Exercise description:
Give back exactly the lines of the material below, starting with the line with "point P0 (14, -2.3094)" and going on through the line with "line L13 (0, -5) -> (76, -5)".

Supplied entries START

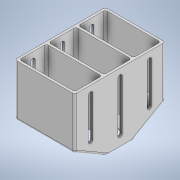
# Autodesk Inventor part: magazine-tower
Saved by Autodesk Inventor 2021 (Build 250183000, 183)
## iProperties
Created: 2024-03-15
Part Number: magazine-tower
Material: Generic
Document SubType Name: Modeling
Designer: 22hamfri
Density: 1 g/cm^3
Appearance: Default
Author: 22hamfri
Autodesk Inventor part; units mm, degrees
ref_plane "YZ Plane" through (0, 0, 0) normal (1, 0, 0) x (0, 1, 0)
ref_plane "XZ Plane" through (0, 0, 0) normal (0, 1, 0) x (-1, 0, 0)
ref_plane "XY Plane" through (0, 0, 0) normal (0, 0, 1) x (1, 0, 0)
sketch "Sketch1" plane through (0, 0, 0) normal (0, 1, 0) x (-1, 0, 0)
  line L0 (-24.5, 12) -> (24.5, 12)
  line L1 (24.5, 12) -> (24.5, -12)
  line L2 (24.5, -12) -> (-24.5, -12)
  line L3 (-24.5, -12) -> (-24.5, 12)
  line L4 (-24.5, 12) -> (24.5, -12) construction
  line L5 (24.5, 12) -> (-24.5, -12) construction
  line L6 (-26.5, 14) -> (26.5, 14)
  line L7 (26.5, 14) -> (26.5, -14)
  line L8 (26.5, -14) -> (-26.5, -14)
  line L9 (-26.5, -14) -> (-26.5, 14)
  line L10 (-26.5, 14) -> (26.5, -14) construction
  line L11 (26.5, 14) -> (-26.5, -14) construction
  point P0 (0, 0)
  dimension "d0" = 24
  dimension "d1" = 49
  dimension "d2" = 2
  dimension "d3" = 2
  constraints: 24 end point, 4 midpoint, 4 parallel, 2 horizontal, 2 perpendicular
  measures "d0" distance between parallel lines of L2 L0
  measures "d1" distance between parallel lines of L3 L1
  measures "d2" distance between parallel lines of L1 L7
  measures "d3" distance between parallel lines of L8 L2
extrude "Extrusion1" add sketch "Sketch1" along normal blind 60
sketch "Sketch2" plane through (26.5, 0, 14) normal (1, 0, 0) x (0, 0, -1)
  line L0 (0, 0) -> (28, 0) projected
  line L1 (28, 0) -> (28, 60) projected
  line L2 (0, 60) -> (28, 60) projected
  line L3 (0, 0) -> (0, 60) projected
  line L4 (26, 0) -> (2, 0) projected
  line L5 (2, 0) -> (2, 60) projected
  line L6 (26, 60) -> (2, 60) projected
  line L7 (26, 0) -> (26, 60) projected
  line L8 (2, 0) -> (2, 60) projected
  line L9 (2, 1.1547) -> (26, 1.1547)
  line L10 (26, 0) -> (26, 60) projected
  line L11 (2, 1.1547) -> (0, 1.1547)
  line L12 (0, 0) -> (0, 60) projected
  line L13 (26, 1.1547) -> (28, 1.1547)
  line L14 (28, 0) -> (28, 60) projected
  line L15 (28, 16.1658) -> (52, 16.1658)
  line L16 (52, 16.1658) -> (54, 16.1658)
  line L17 (52, 16.1658) -> (26, 1.1547)
  line L18 (52, 16.1658) -> (52, 60)
  line L19 (52, 60) -> (28, 60)
  line L20 (52, 60) -> (54, 60)
  line L21 (54, 60) -> (54, 16.1658)
  line L22 (54, 16.1658) -> (54, 15.0111)
  line L23 (54, 15.0111) -> (28, 0)
  line L24 (28, 0) -> (0, 0)
  point P0 (14, 0)
  point P1 (28, 2.3094)
  dimension "d6" = 2
  dimension "d8" = 30
  dimension "d15" = 0
  constraints: 26 end point, 8 point on line, 7 perpendicular, 3 parallel, 2 vertical, 1 horizontal
  measures "d6" distance between parallel lines of L23 L17
  measures "d8" angle of L9 L17
  measures "d15" distance between parallel lines of L24 L4
extrude "Extrusion2" add sketch "Sketch2" against normal up to surface (53 mm away) contours L1 L17 L16 L22 L23 | L16 L18 L20 L21
extrude "Extrusion3" add sketch "Sketch2" against normal up to surface (2 mm away) contours L1 L15 L17 | L19 L18 L15 L1
sketch "Sketch3" plane through (-26.5, 0, -14) normal (-1, 0, 0) x (0, 0, 1)
  line L0 (0, 0) -> (28, 0) projected
  line L1 (28, 0) -> (28, 60) projected
  line L2 (0, 60) -> (28, 60) projected
  line L3 (0, 2.3094) -> (0, 60) projected
  line L4 (-24, 16.1658) -> (0, 2.3094) projected
  line L5 (-24, 60) -> (-24, 16.1658) projected
  line L6 (-26, 60) -> (-24, 60) projected
  line L7 (-26, 15.0111) -> (-26, 60) projected
  line L8 (0, 0) -> (-26, 15.0111) projected
  line L9 (0, 60) -> (28, 60) projected
  line L10 (-26, 60) -> (-24, 60) projected
  line L11 (0, 60) -> (-24, 60)
  point P0 (14, 0)
  constraints: 2 end point, 1 horizontal
extrude "Extrusion4" add sketch "Sketch3" against normal up to surface (2 mm away) contours L3 L4 L5 L11
sketch "Sketch4" plane through (24.5, 2.3094, -14) normal (-1, 0, 0) x (0, 0, 1)
  line L0 (-24, 57.6906) -> (0, 57.6906) projected
  line L1 (-24, 13.8564) -> (-24, 57.6906) projected
  line L2 (0, 0) -> (-24, 13.8564) projected
  line L3 (0, 57.6906) -> (0, 0) projected
  line L4 (2, -2.3094) -> (26, -2.3094) projected
  line L5 (26, -2.3094) -> (26, 57.6906) projected
  line L6 (2, 57.6906) -> (26, 57.6906) projected
  line L7 (2, -2.3094) -> (2, 57.6906) projected
  line L8 (0, 0) -> (2, -1.1547)
  line L9 (2, -2.3094) -> (2, 57.6906) projected
  line L10 (0, 57.6906) -> (0, 0) projected
  line L11 (0, 11) -> (2, 9.8453)
  point P0 (14, -2.3094)
  dimension "d20" = 11
  constraints: 4 end point, 3 point on line, 1 collinear, 1 parallel
  measures "d20" distance of L11.start L2.start
extrude "Extrusion5" cut sketch "Sketch4" along normal up to surface (49 mm away) contours L11 L7 L8 L3
mirror "Mirror1" about plane through (0, 0, 0) normal (0, 0, 1) of "Extrusion2", "Extrusion3", "Extrusion4", "Extrusion5"
fillet "Fillet1" radius 2 12 edges at (24.5, 36.6547, -14) (24.5, 38.0829, -38) (-24.5, 38.0829, -38) (-24.5, 36.6547, -14) (-24.5, 36.0774, 12) (-24.5, 36.0774, -12) (24.5, 36.0774, -12) (24.5, 36.0774, 12) (24.5, 38.0829, 38) (24.5, 36.6547, 14) (-24.5, 36.6547, 14) (-24.5, 38.0829, 38)
fillet "Fillet2" radius 2 4 edges at (-26.5, 37.5056, -40) (26.5, 37.5056, -40) (26.5, 37.5056, 40) (-26.5, 37.5056, 40)
fillet "Fillet3" radius 2 10 edges at (-25.9142, 14.6729, -39.4142) (0, 15.0111, -40) (25.9142, 14.6729, -39.4142) (26.5, 6.9282, -26) (-26.5, 6.9282, -26) (-25.9142, 14.6729, 39.4142) (0, 15.0111, 40) (25.9142, 14.6729, 39.4142) (26.5, 6.9282, 26) (-26.5, 6.9282, 26)
sketch "Sketch5" plane through (26.5, 60, 38) normal (1, 0, 0) x (0, 0, -1)
  line L0 (0, 0) -> (0, -43.8342) projected
  line L1 (0, -43.8342) -> (0, 0) projected
  line L2 (24, -46.6906) -> (24, 0) projected
  line L3 (24, 0) -> (24, -46.6906) projected
  line L4 (50, 0) -> (50, -47.8453) projected
  line L5 (50, -47.8453) -> (50, 0) projected
  line L6 (76, -43.8342) -> (76, 0) projected
  line L7 (76, 0) -> (76, -43.8342) projected
  line L8 (26, -47.8453) -> (26, 0) projected
  line L9 (26, 0) -> (26, -47.8453) projected
  line L10 (52, 0) -> (52, -46.6906) projected
  line L11 (52, -46.6906) -> (52, 0) projected
  line L12 (0, -43.8342) -> (0, 0) projected
  line L13 (0, -5) -> (76, -5)
  line L14 (76, 0) -> (76, -43.8342) projected
  line L15 (2, -44.9889) -> (0, -43.8342) projected
  line L16 (0, -43.8342) -> (2, -44.9889) projected
  line L17 (2, -44.9889) -> (26, -58.8453) projected
  line L18 (2, -44.9889) -> (26, -58.8453) projected
  line L19 (76, -43.8342) -> (74, -44.9889) projected
  line L20 (74, -44.9889) -> (50, -58.8453) projected
  line L21 (50, -58.8453) -> (74, -44.9889) projected
  line L22 (74, -44.9889) -> (76, -43.8342) projected
  line L23 (24, -46.6906) -> (24, -57.6906)
  line L24 (28, -60) -> (0, -43.8342) projected
  line L25 (26, -47.8453) -> (26, -58.8453)
  line L26 (50, -47.8453) -> (50, -58.8453)
  line L27 (52, -46.6906) -> (52, -57.6906)
  line L28 (76, -43.8342) -> (48, -60) projected
  line L29 (0, 0) -> (76, 0) projected
  line L30 (28, -60) -> (0, -43.8342) projected
  line L31 (28, -60) -> (48, -60) projected
  line L32 (76, -43.8342) -> (48, -60) projected
  line L33 (76, 0) -> (76, -43.8342) projected
  line L34 (0, 0) -> (76, 0) projected
  line L35 (0, -43.8342) -> (0, 0) projected
  line L36 (26, -53.0718) -> (50, -53.0718)
  line L37 (50, -53.0718) -> (76, -38.0607)
  line L38 (76, -43.8342) -> (76, 0) projected
  line L39 (26, -53.0718) -> (0, -38.0607)
  line L40 (38, -53.0718) -> (38, -5)
  line L41 (64, -5) -> (64, -44.9889)
  line L42 (52, -46.6906) -> (52, 0) projected
  line L43 (52, -5) -> (64, -5)
  line L44 (64, -5) -> (76, -5)
  line L45 (66, -5) -> (66, -43.8342)
  line L46 (62, -5) -> (62, -46.1436)
  line L47 (62, -5) -> (64, -5)
  line L48 (64, -5) -> (66, -5)
  line L49 (36, -5) -> (36, -53.0718)
  line L50 (40, -53.0718) -> (40, -5)
  line L51 (36, -5) -> (38, -5)
  line L52 (38, -5) -> (40, -5)
  line L53 (12, -5) -> (12, -44.9889)
  line L54 (10, -5) -> (10, -43.8342)
  line L55 (14, -5) -> (14, -46.1436)
  line L56 (14, -5) -> (12, -5)
  line L57 (12, -5) -> (10, -5)
  point P0 (38, -60)
  point P1 (12, -5)
  point P2 (10, -5)
  point P3 (14, -5)
  dimension "d26" = 5
  dimension "d27" = 5
  dimension "d28" = 4
  dimension "d29" = 4
  constraints: 50 end point, 31 point on line, 10 symmetric about line, 7 perpendicular, 7 vertical, 6 collinear, 2 midpoint, 10 other
  measures "d26" distance of the line from the sketch origin of L13
  measures "d27" distance between parallel lines of L37 L32
  measures "d28" distance between parallel lines of L50 L49
  measures "d29" distance between parallel lines of L45 L46
extrude "Extrusion6" cut sketch "Sketch5" against normal up to surface (2 mm away) contours L13 L53 L39 L54 | L13 L55 L39 L53 | L13 L40 L36 L49 | L13 L50 L36 L40 | L13 L41 L37 L46 | L13 L45 L37 L41
fillet "Fillet4" radius 2 12 edges at (25.5, 16.1658, 28) (25.5, 13.8564, 24) (25.5, 55, 28) (25.5, 55, 24) (25.5, 55, -2) (25.5, 55, -28) (25.5, 55, -24) (25.5, 55, 2) (25.5, 16.1658, -28) (25.5, 13.8564, -24) (25.5, 6.9282, 2) (25.5, 6.9282, -2)
mirror "Mirror2" about plane through (0, 0, 0) normal (1, 0, 0) of "Extrusion6", "Fillet4"
equation "\"d29\" = d28"
body "Solid1"

Supplied entries END

Exercise solution:
  point P0 (14, -2.3094)
  dimension "d20" = 11
  constraints: 4 end point, 3 point on line, 1 collinear, 1 parallel
  measures "d20" distance of L11.start L2.start
extrude "Extrusion5" cut sketch "Sketch4" along normal up to surface (49 mm away) contours L11 L7 L8 L3
mirror "Mirror1" about plane through (0, 0, 0) normal (0, 0, 1) of "Extrusion2", "Extrusion3", "Extrusion4", "Extrusion5"
fillet "Fillet1" radius 2 12 edges at (24.5, 36.6547, -14) (24.5, 38.0829, -38) (-24.5, 38.0829, -38) (-24.5, 36.6547, -14) (-24.5, 36.0774, 12) (-24.5, 36.0774, -12) (24.5, 36.0774, -12) (24.5, 36.0774, 12) (24.5, 38.0829, 38) (24.5, 36.6547, 14) (-24.5, 36.6547, 14) (-24.5, 38.0829, 38)
fillet "Fillet2" radius 2 4 edges at (-26.5, 37.5056, -40) (26.5, 37.5056, -40) (26.5, 37.5056, 40) (-26.5, 37.5056, 40)
fillet "Fillet3" radius 2 10 edges at (-25.9142, 14.6729, -39.4142) (0, 15.0111, -40) (25.9142, 14.6729, -39.4142) (26.5, 6.9282, -26) (-26.5, 6.9282, -26) (-25.9142, 14.6729, 39.4142) (0, 15.0111, 40) (25.9142, 14.6729, 39.4142) (26.5, 6.9282, 26) (-26.5, 6.9282, 26)
sketch "Sketch5" plane through (26.5, 60, 38) normal (1, 0, 0) x (0, 0, -1)
  line L0 (0, 0) -> (0, -43.8342) projected
  line L1 (0, -43.8342) -> (0, 0) projected
  line L2 (24, -46.6906) -> (24, 0) projected
  line L3 (24, 0) -> (24, -46.6906) projected
  line L4 (50, 0) -> (50, -47.8453) projected
  line L5 (50, -47.8453) -> (50, 0) projected
  line L6 (76, -43.8342) -> (76, 0) projected
  line L7 (76, 0) -> (76, -43.8342) projected
  line L8 (26, -47.8453) -> (26, 0) projected
  line L9 (26, 0) -> (26, -47.8453) projected
  line L10 (52, 0) -> (52, -46.6906) projected
  line L11 (52, -46.6906) -> (52, 0) projected
  line L12 (0, -43.8342) -> (0, 0) projected
  line L13 (0, -5) -> (76, -5)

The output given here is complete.